Data entries
· · · ·
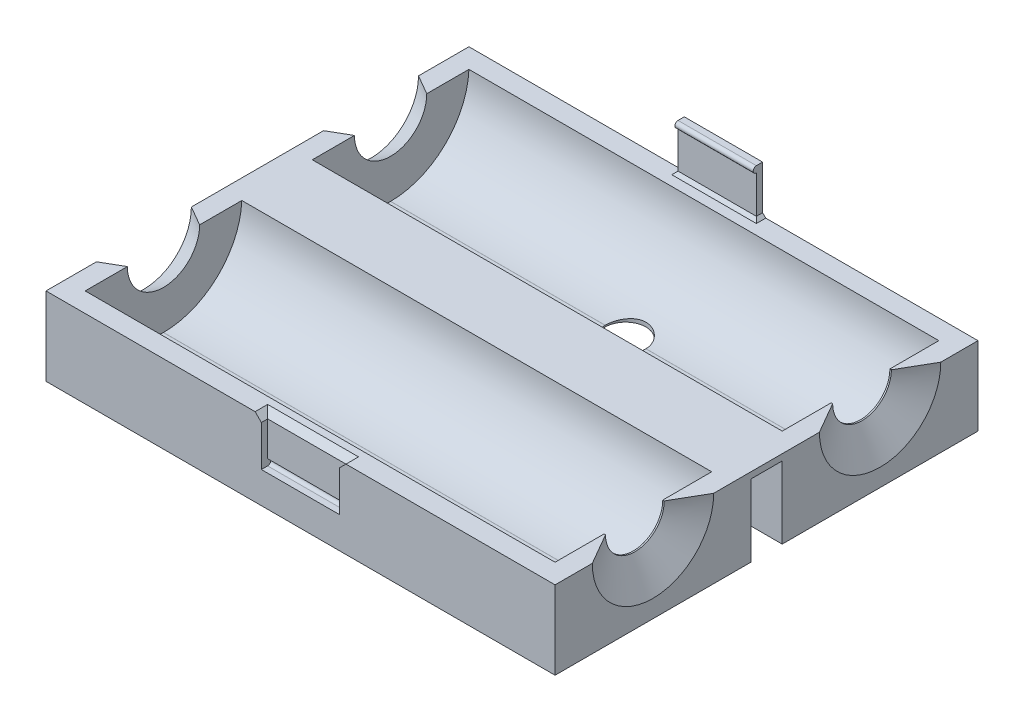
from build123d import *

# Parameters (mm, degrees)
BOSS_EXTRUDE1_DEPTH  = 6.35
BOSS_EXTRUDE2_START  = -6.096
SKETCH1_3_W          = 38.1
SKETCH1_3_H          = 12.7
BOSS_EXTRUDE2_DEPTH  = 1.5875
SKETCH1_5_W          = 41.275
SKETCH1_5_H          = 1.27
BOSS_EXTRUDE4_DEPTH  = 0.508
CHAMFER2_SIZE        = 1.524
SKETCH5_R            = 2.38125
CUT_EXTRUDE1_DEPTH   = 47.505502938
CHAMFER3_SIZE        = 1.466469684
CHAMFER3_SIZE_2      = 2.54
SKETCH6_W            = 6.35
SKETCH6_H            = 0.508
BOSS_EXTRUDE7_DEPTH  = 3.81
BOSS_EXTRUDE10_DEPTH = 6.35
SKETCH6_5_W          = 6.35
SKETCH6_5_H          = 0.508
CUT_EXTRUDE2_DEPTH   = 3.81
CUT_EXTRUDE3_DEPTH   = 6.35
CHAMFER4_SIZE        = 0.508
CHAMFER5_SIZE        = 0.254
SKETCH10_R           = 1.651
CUT_EXTRUDE4_DEPTH   = 46.905317826
CHAMFER6_SIZE        = 2.54
CHAMFER6_SIZE2       = 1.466469684
FILLET1_R            = 6.35


with BuildPart() as part:
    # Sketch1 → Boss-Extrude1 (new body)
    with BuildSketch(Plane(origin=(0, 0, 0), x_dir=(1, 0, 0), z_dir=(0, 1, 0))):
        Polygon((-1.5875, 6.35), (-1.5875, -1.5875), (39.6875, -1.5875), (39.6875, 6.35), (38.1, 6.35), (38.1, 0), (0, 0), (0, 6.35), align=None)
        Polygon((39.6875, -4.1275), (-1.5875, -4.1275), (-1.5875, -12.065), (0, -12.065), (0, -5.715), (38.1, -5.715), (38.1, -12.065), (39.6875, -12.065), align=None)
        Polygon((0, -12.065), (-1.5875, -12.065), (-1.5875, -20.0025), (39.6875, -20.0025), (39.6875, -12.065), (38.1, -12.065), (38.1, -18.415), (0, -18.415), align=None)
        Polygon((-1.5875, 14.2875), (-1.5875, 6.35), (0, 6.35), (0, 12.7), (38.1, 12.7), (38.1, 6.35), (39.6875, 6.35), (39.6875, 14.2875), align=None)
    extrude(amount=-BOSS_EXTRUDE1_DEPTH)

    # Sketch1<3> → Boss-Extrude2 (add)
    with BuildSketch(Plane(origin=(0, 0, 0), x_dir=(1, 0, 0), z_dir=(0, 1, 0)).offset(BOSS_EXTRUDE2_START)):
        with Locations((19.05, -12.065)):
            Rectangle(SKETCH1_3_W, SKETCH1_3_H)
        with Locations((19.05, 6.35)):
            Rectangle(SKETCH1_3_W, SKETCH1_3_H)
    extrude(amount=-BOSS_EXTRUDE2_DEPTH)

    # Sketch1<5> → Boss-Extrude4 (add)
    with BuildSketch(Plane(origin=(0, 0, 0), x_dir=(1, 0, 0), z_dir=(0, 1, 0))):
        with Locations((19.05, -2.2225)):
            Rectangle(SKETCH1_5_W, SKETCH1_5_H)
        with Locations((19.05, -3.4925)):
            Rectangle(SKETCH1_5_W, SKETCH1_5_H)
    extrude(amount=-BOSS_EXTRUDE4_DEPTH)

    # Chamfer2
    # the kernel refuses this chamfer: 1.524 mm, written as the material it adds along each edge
    with BuildSketch(Plane(origin=(38.1, -6.35, 18.415), x_dir=(0, 0, 1), z_dir=(-1, 0, 0))) as chamfer2_piece_1_section:
        Polygon((CHAMFER2_SIZE, 0), (0, -CHAMFER2_SIZE), (0, 0), align=None)
    chamfer2_piece_1 = extrude(amount=38.1, mode=Mode.PRIVATE)
    chamfer2_piece_1 = split(chamfer2_piece_1, bisect_by=Plane(origin=(38.1, -7.6835, 18.415), z_dir=(0, 1, 0)), keep=Keep.TOP, mode=Mode.PRIVATE)
    add(chamfer2_piece_1)
    with BuildSketch(Plane(origin=(0, -6.35, 5.715), x_dir=(-1, 0, 0), z_dir=(0, 0, 1))) as chamfer2_piece_2_section:
        Polygon((CHAMFER2_SIZE, 0), (0, CHAMFER2_SIZE), (0, 0), align=None)
    chamfer2_piece_2 = extrude(amount=12.7, mode=Mode.PRIVATE)
    chamfer2_piece_2 = split(chamfer2_piece_2, bisect_by=Plane(origin=(0, -7.6835, 5.715), z_dir=(0, 1, 0)), keep=Keep.TOP, mode=Mode.PRIVATE)
    add(chamfer2_piece_2)
    with BuildSketch(Plane(origin=(38.1, -6.35, 18.415), x_dir=(1, 0, 0), z_dir=(0, 0, -1))) as chamfer2_piece_3_section:
        Polygon((CHAMFER2_SIZE, 0), (0, CHAMFER2_SIZE), (0, 0), align=None)
    chamfer2_piece_3 = extrude(amount=12.7, mode=Mode.PRIVATE)
    chamfer2_piece_3 = split(chamfer2_piece_3, bisect_by=Plane(origin=(38.1, -7.6835, 18.415), z_dir=(0, 1, 0)), keep=Keep.TOP, mode=Mode.PRIVATE)
    add(chamfer2_piece_3)
    with BuildSketch(Plane(origin=(0, -6.35, 5.715), x_dir=(0, 0, -1), z_dir=(1, 0, 0))) as chamfer2_piece_4_section:
        Polygon((CHAMFER2_SIZE, 0), (0, -CHAMFER2_SIZE), (0, 0), align=None)
    chamfer2_piece_4 = extrude(amount=38.1, mode=Mode.PRIVATE)
    chamfer2_piece_4 = split(chamfer2_piece_4, bisect_by=Plane(origin=(0, -7.6835, 5.715), z_dir=(0, 1, 0)), keep=Keep.TOP, mode=Mode.PRIVATE)
    add(chamfer2_piece_4)
    with BuildSketch(Plane(origin=(38.1, -6.35, 0), x_dir=(0, 0, 1), z_dir=(-1, 0, 0))) as chamfer2_piece_5_section:
        Polygon((CHAMFER2_SIZE, 0), (0, -CHAMFER2_SIZE), (0, 0), align=None)
    chamfer2_piece_5 = extrude(amount=38.1, mode=Mode.PRIVATE)
    chamfer2_piece_5 = split(chamfer2_piece_5, bisect_by=Plane(origin=(38.1, -7.6835, 0), z_dir=(0, 1, 0)), keep=Keep.TOP, mode=Mode.PRIVATE)
    add(chamfer2_piece_5)
    with BuildSketch(Plane(origin=(38.1, -6.35, 0), x_dir=(1, 0, 0), z_dir=(0, 0, -1))) as chamfer2_piece_6_section:
        Polygon((CHAMFER2_SIZE, 0), (0, CHAMFER2_SIZE), (0, 0), align=None)
    chamfer2_piece_6 = extrude(amount=12.7, mode=Mode.PRIVATE)
    chamfer2_piece_6 = split(chamfer2_piece_6, bisect_by=Plane(origin=(38.1, -7.6835, 0), z_dir=(0, 1, 0)), keep=Keep.TOP, mode=Mode.PRIVATE)
    add(chamfer2_piece_6)
    with BuildSketch(Plane(origin=(0, -6.35, -12.7), x_dir=(-1, 0, 0), z_dir=(0, 0, 1))) as chamfer2_piece_7_section:
        Polygon((CHAMFER2_SIZE, 0), (0, CHAMFER2_SIZE), (0, 0), align=None)
    chamfer2_piece_7 = extrude(amount=12.7, mode=Mode.PRIVATE)
    chamfer2_piece_7 = split(chamfer2_piece_7, bisect_by=Plane(origin=(0, -7.6835, -12.7), z_dir=(0, 1, 0)), keep=Keep.TOP, mode=Mode.PRIVATE)
    add(chamfer2_piece_7)
    with BuildSketch(Plane(origin=(0, -6.35, -12.7), x_dir=(0, 0, -1), z_dir=(1, 0, 0))) as chamfer2_piece_8_section:
        Polygon((CHAMFER2_SIZE, 0), (0, -CHAMFER2_SIZE), (0, 0), align=None)
    chamfer2_piece_8 = extrude(amount=38.1, mode=Mode.PRIVATE)
    chamfer2_piece_8 = split(chamfer2_piece_8, bisect_by=Plane(origin=(0, -7.6835, -12.7), z_dir=(0, 1, 0)), keep=Keep.TOP, mode=Mode.PRIVATE)
    add(chamfer2_piece_8)
    with BuildSketch(Plane(origin=(38.1, -6.35, 22.334244874), x_dir=(1, 0, 0), z_dir=(0, 0, -1))) as chamfer2_piece_9a_section:
        Polygon((CHAMFER2_SIZE, 0), (0, CHAMFER2_SIZE), (0, 0), align=None)
    chamfer2_piece_9a = extrude(amount=16.619244874, mode=Mode.PRIVATE)
    chamfer2_piece_9a = split(chamfer2_piece_9a, bisect_by=Plane(origin=(38.1, -6.35, 20.0025), z_dir=(0, 0, -1)), keep=Keep.TOP, mode=Mode.PRIVATE)
    chamfer2_piece_9a = split(chamfer2_piece_9a, bisect_by=Plane(origin=(38.1, -6.35, 18.415), z_dir=(0, 0, 1)), keep=Keep.TOP, mode=Mode.PRIVATE)
    chamfer2_piece_9a = split(chamfer2_piece_9a, bisect_by=Plane(origin=(38.1, -7.6835, 22.334244874), z_dir=(0, 1, 0)), keep=Keep.TOP, mode=Mode.PRIVATE)
    with BuildSketch(Plane(origin=(42.019244874, -6.35, 18.415), x_dir=(0, 0, 1), z_dir=(-1, 0, 0))) as chamfer2_piece_9b_section:
        Polygon((CHAMFER2_SIZE, 0), (0, -CHAMFER2_SIZE), (0, 0), align=None)
    chamfer2_piece_9b = extrude(amount=42.019244874, mode=Mode.PRIVATE)
    chamfer2_piece_9b = split(chamfer2_piece_9b, bisect_by=Plane(origin=(39.6875, -6.35, 18.415), z_dir=(-1, 0, 0)), keep=Keep.TOP, mode=Mode.PRIVATE)
    chamfer2_piece_9b = split(chamfer2_piece_9b, bisect_by=Plane(origin=(42.019244874, -7.6835, 18.415), z_dir=(0, 1, 0)), keep=Keep.TOP, mode=Mode.PRIVATE)
    chamfer2_piece_9b = split(chamfer2_piece_9b, bisect_by=Plane(origin=(38.1, -6.35, 18.415), z_dir=(1, 0, 0)), keep=Keep.TOP, mode=Mode.PRIVATE)
    chamfer2_piece_9 = chamfer2_piece_9a & chamfer2_piece_9b
    add(chamfer2_piece_9)
    with BuildSketch(Plane(origin=(0, -6.35, 5.715), x_dir=(-1, 0, 0), z_dir=(0, 0, 1))) as chamfer2_piece_10a_section:
        Polygon((CHAMFER2_SIZE, 0), (0, CHAMFER2_SIZE), (0, 0), align=None)
    chamfer2_piece_10a = extrude(amount=16.619244874, mode=Mode.PRIVATE)
    chamfer2_piece_10a = split(chamfer2_piece_10a, bisect_by=Plane(origin=(0, -6.35, 20.0025), z_dir=(0, 0, -1)), keep=Keep.TOP, mode=Mode.PRIVATE)
    chamfer2_piece_10a = split(chamfer2_piece_10a, bisect_by=Plane(origin=(0, -6.35, 18.415), z_dir=(0, 0, 1)), keep=Keep.TOP, mode=Mode.PRIVATE)
    chamfer2_piece_10a = split(chamfer2_piece_10a, bisect_by=Plane(origin=(0, -7.6835, 5.715), z_dir=(0, 1, 0)), keep=Keep.TOP, mode=Mode.PRIVATE)
    with BuildSketch(Plane(origin=(38.1, -6.35, 18.415), x_dir=(0, 0, 1), z_dir=(-1, 0, 0))) as chamfer2_piece_10b_section:
        Polygon((CHAMFER2_SIZE, 0), (0, -CHAMFER2_SIZE), (0, 0), align=None)
    chamfer2_piece_10b = extrude(amount=42.019244874, mode=Mode.PRIVATE)
    chamfer2_piece_10b = split(chamfer2_piece_10b, bisect_by=Plane(origin=(-1.5875, -6.35, 18.415), z_dir=(1, 0, 0)), keep=Keep.TOP, mode=Mode.PRIVATE)
    chamfer2_piece_10b = split(chamfer2_piece_10b, bisect_by=Plane(origin=(0, -6.35, 18.415), z_dir=(-1, 0, 0)), keep=Keep.TOP, mode=Mode.PRIVATE)
    chamfer2_piece_10b = split(chamfer2_piece_10b, bisect_by=Plane(origin=(38.1, -7.6835, 18.415), z_dir=(0, 1, 0)), keep=Keep.TOP, mode=Mode.PRIVATE)
    chamfer2_piece_10 = chamfer2_piece_10a & chamfer2_piece_10b
    add(chamfer2_piece_10)
    with BuildSketch(Plane(origin=(0, -6.35, 1.795755126), x_dir=(-1, 0, 0), z_dir=(0, 0, 1))) as chamfer2_piece_11a_section:
        Polygon((CHAMFER2_SIZE, 0), (0, CHAMFER2_SIZE), (0, 0), align=None)
    chamfer2_piece_11a = extrude(amount=16.619244874, mode=Mode.PRIVATE)
    chamfer2_piece_11a = split(chamfer2_piece_11a, bisect_by=Plane(origin=(0, -6.35, 4.1275), z_dir=(0, 0, 1)), keep=Keep.TOP, mode=Mode.PRIVATE)
    chamfer2_piece_11a = split(chamfer2_piece_11a, bisect_by=Plane(origin=(0, -7.6835, 1.795755126), z_dir=(0, 1, 0)), keep=Keep.TOP, mode=Mode.PRIVATE)
    chamfer2_piece_11a = split(chamfer2_piece_11a, bisect_by=Plane(origin=(0, -6.35, 5.715), z_dir=(0, 0, -1)), keep=Keep.TOP, mode=Mode.PRIVATE)
    with BuildSketch(Plane(origin=(-3.919244874, -6.35, 5.715), x_dir=(0, 0, -1), z_dir=(1, 0, 0))) as chamfer2_piece_11b_section:
        Polygon((CHAMFER2_SIZE, 0), (0, -CHAMFER2_SIZE), (0, 0), align=None)
    chamfer2_piece_11b = extrude(amount=42.019244874, mode=Mode.PRIVATE)
    chamfer2_piece_11b = split(chamfer2_piece_11b, bisect_by=Plane(origin=(-1.5875, -6.35, 5.715), z_dir=(1, 0, 0)), keep=Keep.TOP, mode=Mode.PRIVATE)
    chamfer2_piece_11b = split(chamfer2_piece_11b, bisect_by=Plane(origin=(-3.919244874, -7.6835, 5.715), z_dir=(0, 1, 0)), keep=Keep.TOP, mode=Mode.PRIVATE)
    chamfer2_piece_11b = split(chamfer2_piece_11b, bisect_by=Plane(origin=(0, -6.35, 5.715), z_dir=(-1, 0, 0)), keep=Keep.TOP, mode=Mode.PRIVATE)
    chamfer2_piece_11 = chamfer2_piece_11a & chamfer2_piece_11b
    add(chamfer2_piece_11)
    with BuildSketch(Plane(origin=(0, -6.35, 5.715), x_dir=(0, 0, -1), z_dir=(1, 0, 0))) as chamfer2_piece_12a_section:
        Polygon((CHAMFER2_SIZE, 0), (0, -CHAMFER2_SIZE), (0, 0), align=None)
    chamfer2_piece_12a = extrude(amount=42.019244874, mode=Mode.PRIVATE)
    chamfer2_piece_12a = split(chamfer2_piece_12a, bisect_by=Plane(origin=(39.6875, -6.35, 5.715), z_dir=(-1, 0, 0)), keep=Keep.TOP, mode=Mode.PRIVATE)
    chamfer2_piece_12a = split(chamfer2_piece_12a, bisect_by=Plane(origin=(0, -7.6835, 5.715), z_dir=(0, 1, 0)), keep=Keep.TOP, mode=Mode.PRIVATE)
    chamfer2_piece_12a = split(chamfer2_piece_12a, bisect_by=Plane(origin=(38.1, -6.35, 5.715), z_dir=(1, 0, 0)), keep=Keep.TOP, mode=Mode.PRIVATE)
    with BuildSketch(Plane(origin=(38.1, -6.35, 18.415), x_dir=(1, 0, 0), z_dir=(0, 0, -1))) as chamfer2_piece_12b_section:
        Polygon((CHAMFER2_SIZE, 0), (0, CHAMFER2_SIZE), (0, 0), align=None)
    chamfer2_piece_12b = extrude(amount=16.619244874, mode=Mode.PRIVATE)
    chamfer2_piece_12b = split(chamfer2_piece_12b, bisect_by=Plane(origin=(38.1, -6.35, 4.1275), z_dir=(0, 0, 1)), keep=Keep.TOP, mode=Mode.PRIVATE)
    chamfer2_piece_12b = split(chamfer2_piece_12b, bisect_by=Plane(origin=(38.1, -7.6835, 18.415), z_dir=(0, 1, 0)), keep=Keep.TOP, mode=Mode.PRIVATE)
    chamfer2_piece_12b = split(chamfer2_piece_12b, bisect_by=Plane(origin=(38.1, -6.35, 5.715), z_dir=(0, 0, -1)), keep=Keep.TOP, mode=Mode.PRIVATE)
    chamfer2_piece_12 = chamfer2_piece_12a & chamfer2_piece_12b
    add(chamfer2_piece_12)
    with BuildSketch(Plane(origin=(38.1, -6.35, 3.919244874), x_dir=(1, 0, 0), z_dir=(0, 0, -1))) as chamfer2_piece_13a_section:
        Polygon((CHAMFER2_SIZE, 0), (0, CHAMFER2_SIZE), (0, 0), align=None)
    chamfer2_piece_13a = extrude(amount=16.619244874, mode=Mode.PRIVATE)
    chamfer2_piece_13a = split(chamfer2_piece_13a, bisect_by=Plane(origin=(38.1, -6.35, 1.5875), z_dir=(0, 0, -1)), keep=Keep.TOP, mode=Mode.PRIVATE)
    chamfer2_piece_13a = split(chamfer2_piece_13a, bisect_by=Plane(origin=(38.1, -7.6835, 3.919244874), z_dir=(0, 1, 0)), keep=Keep.TOP, mode=Mode.PRIVATE)
    chamfer2_piece_13a = split(chamfer2_piece_13a, bisect_by=Plane(origin=(38.1, -6.35, 0), z_dir=(0, 0, 1)), keep=Keep.TOP, mode=Mode.PRIVATE)
    with BuildSketch(Plane(origin=(42.019244874, -6.35, 0), x_dir=(0, 0, 1), z_dir=(-1, 0, 0))) as chamfer2_piece_13b_section:
        Polygon((CHAMFER2_SIZE, 0), (0, -CHAMFER2_SIZE), (0, 0), align=None)
    chamfer2_piece_13b = extrude(amount=42.019244874, mode=Mode.PRIVATE)
    chamfer2_piece_13b = split(chamfer2_piece_13b, bisect_by=Plane(origin=(39.6875, -6.35, 0), z_dir=(-1, 0, 0)), keep=Keep.TOP, mode=Mode.PRIVATE)
    chamfer2_piece_13b = split(chamfer2_piece_13b, bisect_by=Plane(origin=(42.019244874, -7.6835, 0), z_dir=(0, 1, 0)), keep=Keep.TOP, mode=Mode.PRIVATE)
    chamfer2_piece_13b = split(chamfer2_piece_13b, bisect_by=Plane(origin=(38.1, -6.35, 0), z_dir=(1, 0, 0)), keep=Keep.TOP, mode=Mode.PRIVATE)
    chamfer2_piece_13 = chamfer2_piece_13a & chamfer2_piece_13b
    add(chamfer2_piece_13)
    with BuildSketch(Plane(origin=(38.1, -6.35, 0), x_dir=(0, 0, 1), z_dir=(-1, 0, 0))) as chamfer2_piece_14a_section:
· · · ·
## Work order
Output the lines of the records above exactly as they appear, from the line containing "0), x_dir=(1, 0, 0), z_dir=(0, 0, -1)))" through the line containing "chamfer2_piece_6 = extrude(amount=12.7, mode=Mode.PRIVATE)".

## Solution below
    with BuildSketch(Plane(origin=(38.1, -6.35, 0), x_dir=(1, 0, 0), z_dir=(0, 0, -1))) as chamfer2_piece_6_section:
        Polygon((CHAMFER2_SIZE, 0), (0, CHAMFER2_SIZE), (0, 0), align=None)
    chamfer2_piece_6 = extrude(amount=12.7, mode=Mode.PRIVATE)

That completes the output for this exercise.